RECORD EXTRACTS Block Start
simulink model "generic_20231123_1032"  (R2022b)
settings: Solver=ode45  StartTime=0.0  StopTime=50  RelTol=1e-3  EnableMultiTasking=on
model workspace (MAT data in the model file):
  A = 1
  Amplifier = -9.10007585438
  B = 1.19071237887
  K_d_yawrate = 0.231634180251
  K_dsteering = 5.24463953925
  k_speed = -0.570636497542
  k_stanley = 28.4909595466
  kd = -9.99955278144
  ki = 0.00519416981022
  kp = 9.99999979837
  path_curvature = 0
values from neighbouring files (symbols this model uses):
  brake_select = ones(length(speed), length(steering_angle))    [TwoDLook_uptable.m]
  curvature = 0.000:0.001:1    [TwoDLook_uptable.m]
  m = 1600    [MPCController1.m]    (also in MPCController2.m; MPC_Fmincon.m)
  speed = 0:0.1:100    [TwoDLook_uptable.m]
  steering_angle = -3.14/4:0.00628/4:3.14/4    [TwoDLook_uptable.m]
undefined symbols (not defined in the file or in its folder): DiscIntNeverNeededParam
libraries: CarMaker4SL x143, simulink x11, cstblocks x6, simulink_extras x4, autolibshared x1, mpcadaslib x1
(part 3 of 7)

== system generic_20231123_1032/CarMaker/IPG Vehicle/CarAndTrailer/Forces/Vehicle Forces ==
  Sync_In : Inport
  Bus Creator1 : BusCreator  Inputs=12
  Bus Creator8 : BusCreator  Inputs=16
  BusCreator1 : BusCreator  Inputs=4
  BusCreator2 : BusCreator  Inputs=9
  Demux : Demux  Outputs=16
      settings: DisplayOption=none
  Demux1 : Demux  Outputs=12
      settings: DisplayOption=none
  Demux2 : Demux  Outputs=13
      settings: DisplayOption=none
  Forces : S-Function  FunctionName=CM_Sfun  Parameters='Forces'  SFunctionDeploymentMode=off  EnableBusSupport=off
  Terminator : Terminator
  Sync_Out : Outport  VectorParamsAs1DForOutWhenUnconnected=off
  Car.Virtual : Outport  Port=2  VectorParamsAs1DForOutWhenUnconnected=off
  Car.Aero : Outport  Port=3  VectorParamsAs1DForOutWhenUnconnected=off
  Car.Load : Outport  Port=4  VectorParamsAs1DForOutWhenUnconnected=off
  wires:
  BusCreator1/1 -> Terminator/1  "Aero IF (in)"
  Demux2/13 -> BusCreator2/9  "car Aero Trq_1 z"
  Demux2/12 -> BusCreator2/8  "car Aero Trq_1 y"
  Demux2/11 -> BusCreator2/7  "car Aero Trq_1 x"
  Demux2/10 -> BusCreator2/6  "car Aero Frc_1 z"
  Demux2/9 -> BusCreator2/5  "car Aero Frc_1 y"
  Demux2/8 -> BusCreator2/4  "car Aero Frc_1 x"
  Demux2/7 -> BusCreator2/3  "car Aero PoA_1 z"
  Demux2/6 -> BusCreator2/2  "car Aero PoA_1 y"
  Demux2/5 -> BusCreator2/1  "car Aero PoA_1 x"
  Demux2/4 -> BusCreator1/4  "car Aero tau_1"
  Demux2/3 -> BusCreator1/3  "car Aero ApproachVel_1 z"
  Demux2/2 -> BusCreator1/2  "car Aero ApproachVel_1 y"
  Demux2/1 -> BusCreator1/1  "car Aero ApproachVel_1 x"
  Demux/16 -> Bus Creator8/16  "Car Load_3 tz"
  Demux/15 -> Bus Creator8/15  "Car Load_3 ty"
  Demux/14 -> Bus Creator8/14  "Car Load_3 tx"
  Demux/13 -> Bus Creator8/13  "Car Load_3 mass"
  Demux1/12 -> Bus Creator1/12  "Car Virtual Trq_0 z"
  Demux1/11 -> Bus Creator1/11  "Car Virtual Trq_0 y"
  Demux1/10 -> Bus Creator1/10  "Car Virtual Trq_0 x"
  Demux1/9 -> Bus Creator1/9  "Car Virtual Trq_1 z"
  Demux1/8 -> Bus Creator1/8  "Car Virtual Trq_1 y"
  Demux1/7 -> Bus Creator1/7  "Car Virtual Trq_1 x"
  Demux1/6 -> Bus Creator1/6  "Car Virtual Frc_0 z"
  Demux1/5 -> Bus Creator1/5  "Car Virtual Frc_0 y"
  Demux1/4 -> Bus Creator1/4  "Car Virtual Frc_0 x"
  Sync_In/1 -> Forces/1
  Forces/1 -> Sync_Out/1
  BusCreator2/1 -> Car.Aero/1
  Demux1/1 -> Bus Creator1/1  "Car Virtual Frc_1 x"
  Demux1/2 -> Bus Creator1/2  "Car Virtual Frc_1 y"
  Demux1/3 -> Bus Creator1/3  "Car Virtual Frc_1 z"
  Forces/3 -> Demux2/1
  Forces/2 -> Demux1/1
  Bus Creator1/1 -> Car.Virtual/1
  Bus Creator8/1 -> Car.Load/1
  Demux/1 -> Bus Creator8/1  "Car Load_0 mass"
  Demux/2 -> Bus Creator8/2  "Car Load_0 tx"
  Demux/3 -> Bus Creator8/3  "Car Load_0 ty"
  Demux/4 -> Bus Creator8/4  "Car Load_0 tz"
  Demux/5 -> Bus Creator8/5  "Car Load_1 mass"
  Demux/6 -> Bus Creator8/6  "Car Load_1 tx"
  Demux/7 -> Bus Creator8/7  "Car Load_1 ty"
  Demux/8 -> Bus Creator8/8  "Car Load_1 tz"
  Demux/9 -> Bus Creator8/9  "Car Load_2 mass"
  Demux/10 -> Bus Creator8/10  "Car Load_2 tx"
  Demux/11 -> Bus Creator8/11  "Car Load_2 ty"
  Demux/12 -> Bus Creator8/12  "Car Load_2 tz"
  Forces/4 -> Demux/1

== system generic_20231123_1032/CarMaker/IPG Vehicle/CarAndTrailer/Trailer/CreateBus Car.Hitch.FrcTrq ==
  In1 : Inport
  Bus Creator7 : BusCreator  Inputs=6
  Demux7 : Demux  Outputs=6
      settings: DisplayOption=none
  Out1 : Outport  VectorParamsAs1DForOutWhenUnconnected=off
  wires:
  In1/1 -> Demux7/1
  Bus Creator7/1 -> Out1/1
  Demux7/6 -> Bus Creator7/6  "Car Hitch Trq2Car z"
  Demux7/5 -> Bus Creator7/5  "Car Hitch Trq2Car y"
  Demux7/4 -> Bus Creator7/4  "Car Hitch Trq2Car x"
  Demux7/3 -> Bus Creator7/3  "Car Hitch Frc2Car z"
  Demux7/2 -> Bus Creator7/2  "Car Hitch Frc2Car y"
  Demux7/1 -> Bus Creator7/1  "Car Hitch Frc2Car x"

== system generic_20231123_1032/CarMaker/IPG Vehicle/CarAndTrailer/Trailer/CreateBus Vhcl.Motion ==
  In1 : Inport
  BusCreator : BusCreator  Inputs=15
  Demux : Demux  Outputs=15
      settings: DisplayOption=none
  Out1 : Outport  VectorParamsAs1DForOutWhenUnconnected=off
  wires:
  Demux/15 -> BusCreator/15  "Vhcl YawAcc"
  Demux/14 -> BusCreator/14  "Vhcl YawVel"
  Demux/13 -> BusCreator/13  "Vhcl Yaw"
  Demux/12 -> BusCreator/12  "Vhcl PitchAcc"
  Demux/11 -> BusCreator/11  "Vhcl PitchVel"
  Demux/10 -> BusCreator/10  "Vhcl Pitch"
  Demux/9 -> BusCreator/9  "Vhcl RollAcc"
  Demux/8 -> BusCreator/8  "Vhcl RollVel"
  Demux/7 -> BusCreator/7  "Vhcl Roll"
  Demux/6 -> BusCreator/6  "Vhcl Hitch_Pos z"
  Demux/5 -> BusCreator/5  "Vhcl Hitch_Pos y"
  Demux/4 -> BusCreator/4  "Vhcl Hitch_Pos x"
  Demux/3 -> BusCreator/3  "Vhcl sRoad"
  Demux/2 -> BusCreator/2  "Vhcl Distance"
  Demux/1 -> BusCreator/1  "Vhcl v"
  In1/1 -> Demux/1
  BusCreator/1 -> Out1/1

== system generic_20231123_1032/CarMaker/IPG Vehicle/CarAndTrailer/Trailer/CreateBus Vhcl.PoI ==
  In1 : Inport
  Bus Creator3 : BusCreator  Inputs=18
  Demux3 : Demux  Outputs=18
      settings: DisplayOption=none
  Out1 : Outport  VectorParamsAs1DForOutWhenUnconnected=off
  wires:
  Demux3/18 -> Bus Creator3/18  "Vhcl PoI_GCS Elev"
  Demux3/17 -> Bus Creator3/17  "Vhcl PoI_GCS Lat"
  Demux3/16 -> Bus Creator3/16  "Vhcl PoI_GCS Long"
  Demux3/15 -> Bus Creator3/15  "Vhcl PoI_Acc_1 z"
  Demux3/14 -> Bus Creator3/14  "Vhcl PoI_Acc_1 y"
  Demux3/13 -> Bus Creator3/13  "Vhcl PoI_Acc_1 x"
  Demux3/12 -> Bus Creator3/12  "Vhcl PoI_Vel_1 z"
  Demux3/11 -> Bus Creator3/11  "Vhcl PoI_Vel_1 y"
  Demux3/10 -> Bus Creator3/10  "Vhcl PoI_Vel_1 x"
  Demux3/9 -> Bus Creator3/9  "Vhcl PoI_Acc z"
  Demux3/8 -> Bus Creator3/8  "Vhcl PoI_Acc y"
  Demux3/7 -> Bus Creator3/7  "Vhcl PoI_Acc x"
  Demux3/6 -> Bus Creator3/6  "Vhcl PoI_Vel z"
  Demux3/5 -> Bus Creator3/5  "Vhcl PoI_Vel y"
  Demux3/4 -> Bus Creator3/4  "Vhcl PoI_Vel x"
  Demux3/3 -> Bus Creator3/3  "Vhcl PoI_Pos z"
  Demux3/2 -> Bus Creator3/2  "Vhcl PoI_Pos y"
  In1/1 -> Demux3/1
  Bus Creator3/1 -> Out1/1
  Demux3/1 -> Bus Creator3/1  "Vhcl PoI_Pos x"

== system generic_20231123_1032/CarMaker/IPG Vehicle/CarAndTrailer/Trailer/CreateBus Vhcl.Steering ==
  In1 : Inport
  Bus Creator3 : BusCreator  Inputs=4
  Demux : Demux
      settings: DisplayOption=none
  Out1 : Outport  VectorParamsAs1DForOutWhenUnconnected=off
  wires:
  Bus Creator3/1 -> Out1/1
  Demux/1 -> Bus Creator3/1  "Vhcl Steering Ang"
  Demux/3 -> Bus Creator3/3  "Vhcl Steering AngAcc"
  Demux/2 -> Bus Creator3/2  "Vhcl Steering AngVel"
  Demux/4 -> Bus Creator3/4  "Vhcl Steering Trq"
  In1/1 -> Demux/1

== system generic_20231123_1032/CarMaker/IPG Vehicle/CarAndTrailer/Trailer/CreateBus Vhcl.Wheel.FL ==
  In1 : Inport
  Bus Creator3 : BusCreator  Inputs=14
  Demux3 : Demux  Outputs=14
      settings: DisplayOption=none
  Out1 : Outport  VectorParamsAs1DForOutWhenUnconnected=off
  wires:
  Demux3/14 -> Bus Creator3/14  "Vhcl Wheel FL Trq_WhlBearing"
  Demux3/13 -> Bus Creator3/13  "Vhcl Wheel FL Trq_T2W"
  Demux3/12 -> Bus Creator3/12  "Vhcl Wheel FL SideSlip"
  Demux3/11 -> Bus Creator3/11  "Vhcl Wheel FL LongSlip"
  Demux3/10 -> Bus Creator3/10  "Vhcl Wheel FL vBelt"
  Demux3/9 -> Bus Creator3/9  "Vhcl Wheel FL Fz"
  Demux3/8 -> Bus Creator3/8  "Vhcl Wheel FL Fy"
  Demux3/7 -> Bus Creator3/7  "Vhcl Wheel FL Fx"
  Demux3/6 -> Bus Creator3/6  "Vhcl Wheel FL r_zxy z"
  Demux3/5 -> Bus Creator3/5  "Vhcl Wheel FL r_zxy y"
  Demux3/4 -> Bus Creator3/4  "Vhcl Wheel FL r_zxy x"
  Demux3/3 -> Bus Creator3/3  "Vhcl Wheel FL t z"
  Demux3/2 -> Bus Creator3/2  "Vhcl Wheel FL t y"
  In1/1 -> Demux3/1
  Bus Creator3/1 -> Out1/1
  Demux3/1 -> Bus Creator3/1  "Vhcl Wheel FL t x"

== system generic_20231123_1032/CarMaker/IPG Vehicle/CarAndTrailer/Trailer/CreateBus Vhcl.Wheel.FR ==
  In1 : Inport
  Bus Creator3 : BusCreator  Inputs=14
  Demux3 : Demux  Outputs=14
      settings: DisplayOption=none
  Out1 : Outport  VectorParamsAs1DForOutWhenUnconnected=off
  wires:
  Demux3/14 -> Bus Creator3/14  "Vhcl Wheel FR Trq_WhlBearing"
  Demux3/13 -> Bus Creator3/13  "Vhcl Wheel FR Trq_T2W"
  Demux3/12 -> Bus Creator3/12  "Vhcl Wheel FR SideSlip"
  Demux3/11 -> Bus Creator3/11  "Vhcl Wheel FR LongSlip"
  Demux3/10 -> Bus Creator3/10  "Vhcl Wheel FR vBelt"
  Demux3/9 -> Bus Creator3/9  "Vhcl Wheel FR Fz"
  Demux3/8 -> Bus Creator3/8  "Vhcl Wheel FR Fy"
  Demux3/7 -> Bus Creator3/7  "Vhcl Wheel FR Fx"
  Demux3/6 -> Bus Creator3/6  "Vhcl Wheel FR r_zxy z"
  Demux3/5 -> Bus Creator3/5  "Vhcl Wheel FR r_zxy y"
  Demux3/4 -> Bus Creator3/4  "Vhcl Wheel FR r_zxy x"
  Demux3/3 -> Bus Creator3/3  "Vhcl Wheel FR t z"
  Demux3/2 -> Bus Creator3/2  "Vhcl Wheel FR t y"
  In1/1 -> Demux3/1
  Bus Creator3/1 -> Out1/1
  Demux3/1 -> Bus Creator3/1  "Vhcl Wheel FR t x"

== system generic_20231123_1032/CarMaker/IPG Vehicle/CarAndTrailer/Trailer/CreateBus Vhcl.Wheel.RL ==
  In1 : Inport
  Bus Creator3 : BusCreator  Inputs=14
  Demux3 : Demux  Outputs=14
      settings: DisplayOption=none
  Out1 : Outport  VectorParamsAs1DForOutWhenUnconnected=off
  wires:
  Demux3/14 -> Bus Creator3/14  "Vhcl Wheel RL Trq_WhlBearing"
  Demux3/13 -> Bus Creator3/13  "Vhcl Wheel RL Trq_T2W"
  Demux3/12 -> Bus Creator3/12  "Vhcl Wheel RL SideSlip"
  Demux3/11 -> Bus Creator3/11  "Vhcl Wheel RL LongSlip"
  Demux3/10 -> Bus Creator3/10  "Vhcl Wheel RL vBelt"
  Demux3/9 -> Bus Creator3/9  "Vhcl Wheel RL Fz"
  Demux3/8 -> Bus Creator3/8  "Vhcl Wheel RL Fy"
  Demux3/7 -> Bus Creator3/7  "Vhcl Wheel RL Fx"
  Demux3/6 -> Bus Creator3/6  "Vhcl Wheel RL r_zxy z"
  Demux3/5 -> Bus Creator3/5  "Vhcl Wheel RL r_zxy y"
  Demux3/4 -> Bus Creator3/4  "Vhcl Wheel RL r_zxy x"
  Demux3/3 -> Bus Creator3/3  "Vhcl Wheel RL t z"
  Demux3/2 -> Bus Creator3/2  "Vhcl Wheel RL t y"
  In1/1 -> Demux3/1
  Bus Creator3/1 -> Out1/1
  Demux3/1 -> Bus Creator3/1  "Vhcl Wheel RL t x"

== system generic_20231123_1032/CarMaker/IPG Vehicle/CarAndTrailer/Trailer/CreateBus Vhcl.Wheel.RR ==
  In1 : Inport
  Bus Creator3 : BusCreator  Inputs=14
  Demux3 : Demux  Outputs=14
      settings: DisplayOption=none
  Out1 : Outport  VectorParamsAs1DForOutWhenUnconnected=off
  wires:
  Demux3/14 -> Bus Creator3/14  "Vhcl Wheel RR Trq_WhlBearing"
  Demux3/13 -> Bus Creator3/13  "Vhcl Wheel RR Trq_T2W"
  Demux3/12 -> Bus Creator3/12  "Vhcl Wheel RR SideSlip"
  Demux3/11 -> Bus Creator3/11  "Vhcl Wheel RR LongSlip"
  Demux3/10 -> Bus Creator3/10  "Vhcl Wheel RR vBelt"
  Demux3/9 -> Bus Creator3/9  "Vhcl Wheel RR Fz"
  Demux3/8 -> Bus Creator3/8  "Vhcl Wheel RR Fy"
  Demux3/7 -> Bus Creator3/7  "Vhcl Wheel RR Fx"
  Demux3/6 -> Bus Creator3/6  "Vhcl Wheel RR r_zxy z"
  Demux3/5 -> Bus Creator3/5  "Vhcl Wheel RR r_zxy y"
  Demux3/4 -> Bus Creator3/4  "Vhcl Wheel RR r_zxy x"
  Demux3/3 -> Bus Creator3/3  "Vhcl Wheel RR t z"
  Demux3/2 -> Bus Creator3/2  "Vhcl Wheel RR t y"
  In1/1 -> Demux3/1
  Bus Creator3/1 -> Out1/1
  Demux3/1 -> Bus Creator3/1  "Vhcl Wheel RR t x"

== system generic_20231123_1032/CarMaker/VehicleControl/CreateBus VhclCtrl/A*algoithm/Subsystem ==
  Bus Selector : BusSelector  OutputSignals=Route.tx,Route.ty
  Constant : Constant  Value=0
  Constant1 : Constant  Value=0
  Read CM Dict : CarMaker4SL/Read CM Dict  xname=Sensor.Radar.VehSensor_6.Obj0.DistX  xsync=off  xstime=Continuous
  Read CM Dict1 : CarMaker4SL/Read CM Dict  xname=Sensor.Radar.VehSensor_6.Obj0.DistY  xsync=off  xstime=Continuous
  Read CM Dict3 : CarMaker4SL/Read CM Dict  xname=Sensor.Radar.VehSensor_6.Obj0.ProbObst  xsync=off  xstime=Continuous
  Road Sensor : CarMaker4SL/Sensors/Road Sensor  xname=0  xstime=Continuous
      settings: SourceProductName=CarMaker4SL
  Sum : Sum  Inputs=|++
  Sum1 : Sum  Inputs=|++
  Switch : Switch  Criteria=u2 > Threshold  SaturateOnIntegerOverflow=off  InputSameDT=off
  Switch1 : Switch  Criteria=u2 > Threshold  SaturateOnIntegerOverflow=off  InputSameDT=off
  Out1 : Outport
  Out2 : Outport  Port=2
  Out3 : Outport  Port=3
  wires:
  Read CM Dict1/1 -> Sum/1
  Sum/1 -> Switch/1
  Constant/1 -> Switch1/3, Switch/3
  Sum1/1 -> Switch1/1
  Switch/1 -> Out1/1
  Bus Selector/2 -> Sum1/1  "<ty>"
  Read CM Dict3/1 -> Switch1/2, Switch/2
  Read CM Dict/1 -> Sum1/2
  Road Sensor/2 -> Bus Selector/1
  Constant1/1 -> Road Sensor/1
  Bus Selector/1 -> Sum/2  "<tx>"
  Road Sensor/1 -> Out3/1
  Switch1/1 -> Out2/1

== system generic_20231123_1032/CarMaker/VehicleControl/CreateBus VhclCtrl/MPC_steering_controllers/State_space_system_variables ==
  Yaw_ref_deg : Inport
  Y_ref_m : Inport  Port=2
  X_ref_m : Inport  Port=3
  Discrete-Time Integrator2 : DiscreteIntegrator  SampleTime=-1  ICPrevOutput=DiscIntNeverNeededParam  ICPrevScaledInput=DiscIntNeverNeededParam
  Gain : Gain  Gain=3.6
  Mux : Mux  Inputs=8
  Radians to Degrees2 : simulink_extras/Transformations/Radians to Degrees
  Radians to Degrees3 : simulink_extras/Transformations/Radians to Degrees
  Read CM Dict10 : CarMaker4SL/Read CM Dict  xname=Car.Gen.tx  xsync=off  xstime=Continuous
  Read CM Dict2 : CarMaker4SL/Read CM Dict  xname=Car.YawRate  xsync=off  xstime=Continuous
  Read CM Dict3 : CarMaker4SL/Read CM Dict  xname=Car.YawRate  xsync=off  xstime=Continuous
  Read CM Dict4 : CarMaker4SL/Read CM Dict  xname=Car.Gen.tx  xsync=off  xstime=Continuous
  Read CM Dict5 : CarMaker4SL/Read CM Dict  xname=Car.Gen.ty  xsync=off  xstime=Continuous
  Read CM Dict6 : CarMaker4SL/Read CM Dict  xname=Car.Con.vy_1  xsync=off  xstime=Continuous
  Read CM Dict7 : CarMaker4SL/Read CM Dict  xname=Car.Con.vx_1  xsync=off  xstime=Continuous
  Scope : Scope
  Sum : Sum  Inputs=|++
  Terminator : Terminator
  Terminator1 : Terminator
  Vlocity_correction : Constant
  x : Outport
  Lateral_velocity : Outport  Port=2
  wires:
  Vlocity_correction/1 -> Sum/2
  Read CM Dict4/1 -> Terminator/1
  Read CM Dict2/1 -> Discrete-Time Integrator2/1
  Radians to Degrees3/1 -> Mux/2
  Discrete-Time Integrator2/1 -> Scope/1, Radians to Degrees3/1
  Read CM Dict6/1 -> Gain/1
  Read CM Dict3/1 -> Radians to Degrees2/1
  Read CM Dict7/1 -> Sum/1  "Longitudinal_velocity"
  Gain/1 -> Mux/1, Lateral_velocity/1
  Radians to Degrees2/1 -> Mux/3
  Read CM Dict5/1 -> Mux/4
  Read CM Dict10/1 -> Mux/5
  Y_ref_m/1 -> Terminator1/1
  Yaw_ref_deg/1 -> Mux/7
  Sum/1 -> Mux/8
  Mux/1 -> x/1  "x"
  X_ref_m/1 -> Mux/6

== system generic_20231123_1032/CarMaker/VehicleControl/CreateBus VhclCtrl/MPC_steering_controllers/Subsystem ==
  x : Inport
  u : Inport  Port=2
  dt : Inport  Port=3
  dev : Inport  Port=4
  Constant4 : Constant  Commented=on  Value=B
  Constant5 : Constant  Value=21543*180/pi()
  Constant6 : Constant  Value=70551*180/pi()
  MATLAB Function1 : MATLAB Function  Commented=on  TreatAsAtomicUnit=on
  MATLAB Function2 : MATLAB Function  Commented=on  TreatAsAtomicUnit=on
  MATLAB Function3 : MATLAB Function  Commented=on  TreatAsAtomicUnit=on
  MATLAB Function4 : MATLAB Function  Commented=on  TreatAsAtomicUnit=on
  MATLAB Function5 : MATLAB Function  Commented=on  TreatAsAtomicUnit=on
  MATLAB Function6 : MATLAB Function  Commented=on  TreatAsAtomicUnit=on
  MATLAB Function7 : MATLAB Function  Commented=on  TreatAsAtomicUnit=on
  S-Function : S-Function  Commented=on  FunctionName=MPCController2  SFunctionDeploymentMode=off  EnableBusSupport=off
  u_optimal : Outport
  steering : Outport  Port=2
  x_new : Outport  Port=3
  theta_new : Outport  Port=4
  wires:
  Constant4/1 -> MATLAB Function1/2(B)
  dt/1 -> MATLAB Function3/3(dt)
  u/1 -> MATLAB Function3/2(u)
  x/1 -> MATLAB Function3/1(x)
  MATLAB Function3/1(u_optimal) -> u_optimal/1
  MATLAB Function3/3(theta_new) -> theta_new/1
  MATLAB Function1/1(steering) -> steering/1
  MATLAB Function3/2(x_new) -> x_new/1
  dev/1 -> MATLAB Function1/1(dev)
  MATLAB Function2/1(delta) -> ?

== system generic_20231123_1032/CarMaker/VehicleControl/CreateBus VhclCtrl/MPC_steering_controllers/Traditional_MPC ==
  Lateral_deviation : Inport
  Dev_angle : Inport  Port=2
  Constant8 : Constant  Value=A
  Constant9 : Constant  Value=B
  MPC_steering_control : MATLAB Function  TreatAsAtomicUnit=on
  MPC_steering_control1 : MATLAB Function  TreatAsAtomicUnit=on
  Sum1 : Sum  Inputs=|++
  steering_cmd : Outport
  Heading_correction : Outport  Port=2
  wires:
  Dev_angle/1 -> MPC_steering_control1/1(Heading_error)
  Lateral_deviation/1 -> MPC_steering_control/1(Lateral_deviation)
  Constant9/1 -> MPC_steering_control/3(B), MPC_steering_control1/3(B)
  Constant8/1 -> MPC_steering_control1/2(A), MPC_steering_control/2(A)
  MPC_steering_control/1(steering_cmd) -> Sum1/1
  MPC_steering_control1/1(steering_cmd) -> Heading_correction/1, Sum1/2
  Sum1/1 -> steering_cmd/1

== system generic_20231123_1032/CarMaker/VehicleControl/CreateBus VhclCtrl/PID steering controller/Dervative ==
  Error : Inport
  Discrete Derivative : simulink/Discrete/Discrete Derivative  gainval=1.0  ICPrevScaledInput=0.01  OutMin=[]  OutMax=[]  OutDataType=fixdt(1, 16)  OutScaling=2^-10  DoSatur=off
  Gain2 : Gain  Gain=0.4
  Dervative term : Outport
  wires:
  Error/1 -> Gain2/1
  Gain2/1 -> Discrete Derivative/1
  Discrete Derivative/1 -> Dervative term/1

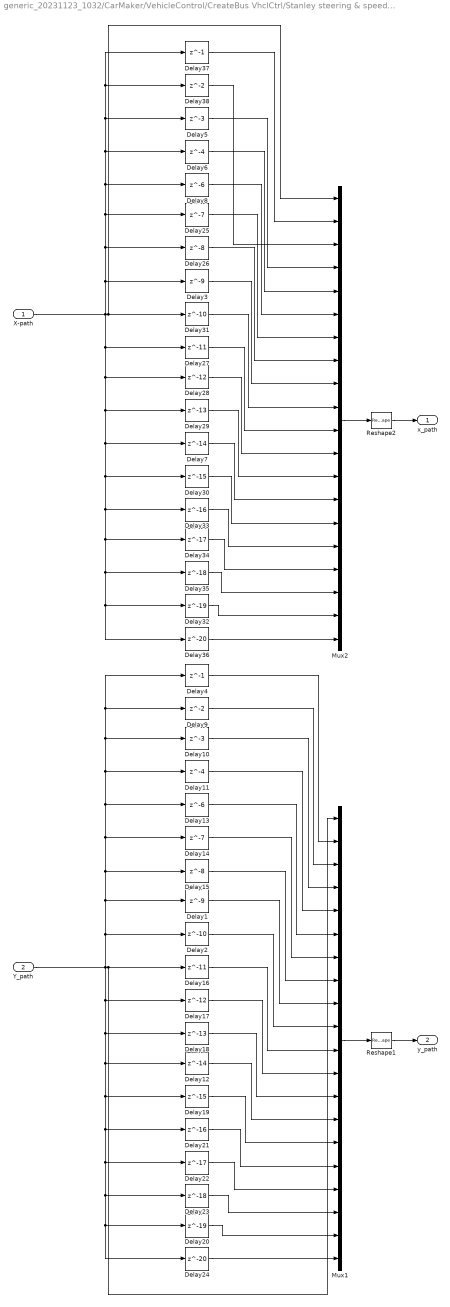
== system generic_20231123_1032/CarMaker/VehicleControl/CreateBus VhclCtrl/Stanley steering & speed//Brake controller/ Path_expanding ==
  X-path : Inport
  Y_path : Inport  Port=2
  Delay1 : Delay  DelayLength=9
  Delay10 : Delay  DelayLength=3
  Delay11 : Delay  DelayLength=4
  Delay12 : Delay  DelayLength=14
  Delay13 : Delay  DelayLength=6
  Delay14 : Delay  DelayLength=7
  Delay15 : Delay  DelayLength=8
  Delay16 : Delay  DelayLength=11
  Delay17 : Delay  DelayLength=12
  Delay18 : Delay  DelayLength=13
  Delay19 : Delay  DelayLength=15
  Delay2 : Delay  DelayLength=10
  Delay20 : Delay  DelayLength=19
  Delay21 : Delay  DelayLength=16
  Delay22 : Delay  DelayLength=17
  Delay23 : Delay  DelayLength=18
  Delay24 : Delay  DelayLength=20
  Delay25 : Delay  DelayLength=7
RECORD EXTRACTS Block End
§ **PROBLEM DESCRIPTION**
Please return the lines above exactly, from the first one down to the line with "in MPCController2.m; MPC_Fmincon.m)", and stop after that line.

§ **WRITTEN ANSWER**
simulink model "generic_20231123_1032"  (R2022b)
settings: Solver=ode45  StartTime=0.0  StopTime=50  RelTol=1e-3  EnableMultiTasking=on
model workspace (MAT data in the model file):
  A = 1
  Amplifier = -9.10007585438
  B = 1.19071237887
  K_d_yawrate = 0.231634180251
  K_dsteering = 5.24463953925
  k_speed = -0.570636497542
  k_stanley = 28.4909595466
  kd = -9.99955278144
  ki = 0.00519416981022
  kp = 9.99999979837
  path_curvature = 0
values from neighbouring files (symbols this model uses):
  brake_select = ones(length(speed), length(steering_angle))    [TwoDLook_uptable.m]
  curvature = 0.000:0.001:1    [TwoDLook_uptable.m]
  m = 1600    [MPCController1.m]    (also in MPCController2.m; MPC_Fmincon.m)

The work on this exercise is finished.